> [Exercise requirements]: Pull out every line below that holds the word "schematic".

> [Supplied material]:
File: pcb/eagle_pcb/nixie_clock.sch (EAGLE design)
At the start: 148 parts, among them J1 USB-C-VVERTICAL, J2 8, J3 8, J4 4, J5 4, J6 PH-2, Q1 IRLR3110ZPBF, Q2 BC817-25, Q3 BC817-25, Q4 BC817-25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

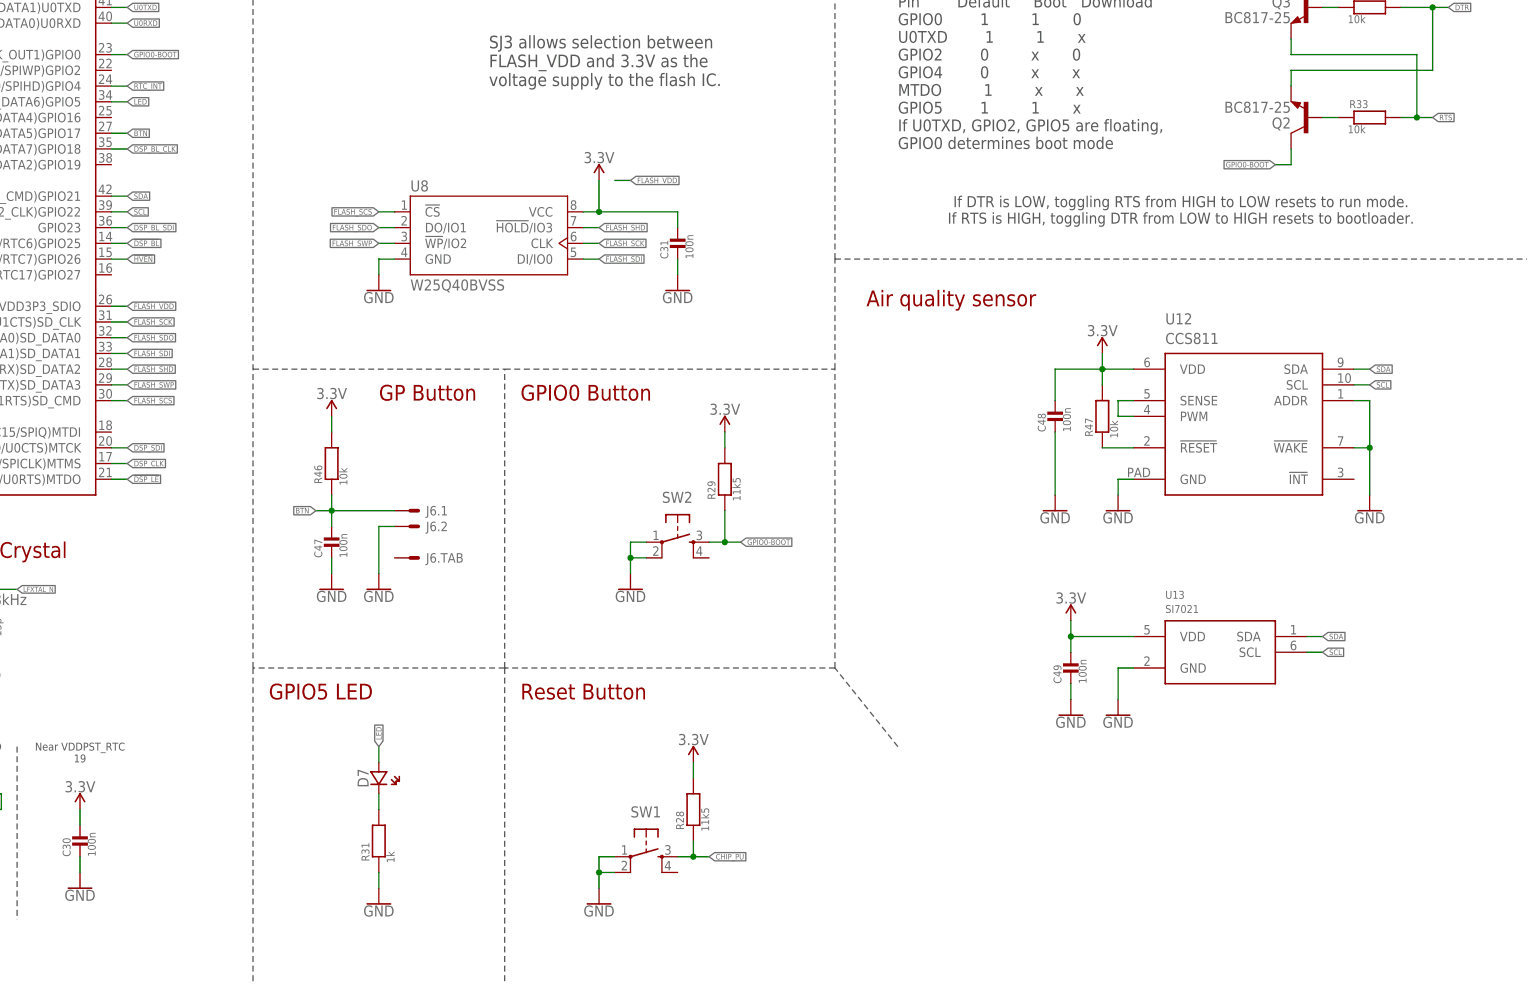
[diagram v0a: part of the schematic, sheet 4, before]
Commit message: added buzzer
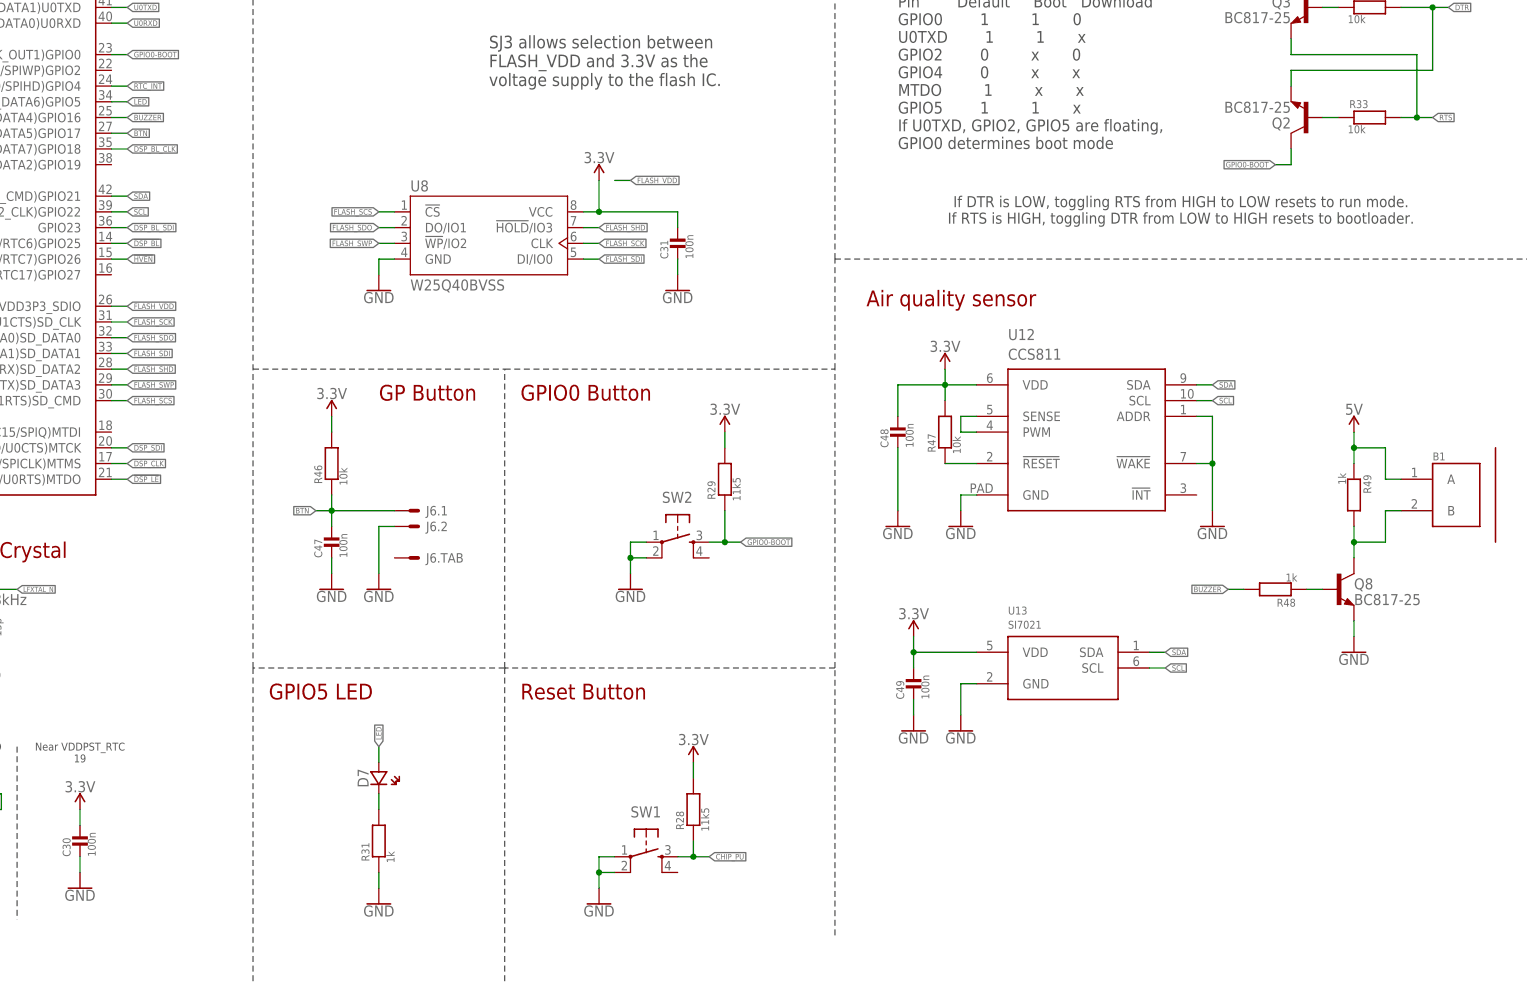
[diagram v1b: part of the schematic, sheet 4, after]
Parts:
- added B1: (no value), Eletromechanical > Buzzer:PKLCS1212E2400-R1
- added Q8: BC817-25, Semiconductors > Discrete Semiconductors > Transistors > Bipolar Transistors - BJT:BC817-25
- added R48, R49: 1k, Passive Components > Resistors > Chip Resistors:RESISTOR0603
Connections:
- new net BUZZER: R48.P$2, U1.(HS1_DATA4)GPIO16
- new net N$38: B1.B, Q8.C03, R49.P$2
- new net N$39: Q8.BA1, R48.P$1
- net 5V: now also B1.A, R49.P$1
- net GND: now also Q8.EM2
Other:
- moved on the sheet: C48, C49, R47, U12, U13

> [Problem solution]:
[diagram v0a: part of the schematic, sheet 4, before]
[diagram v1b: part of the schematic, sheet 4, after]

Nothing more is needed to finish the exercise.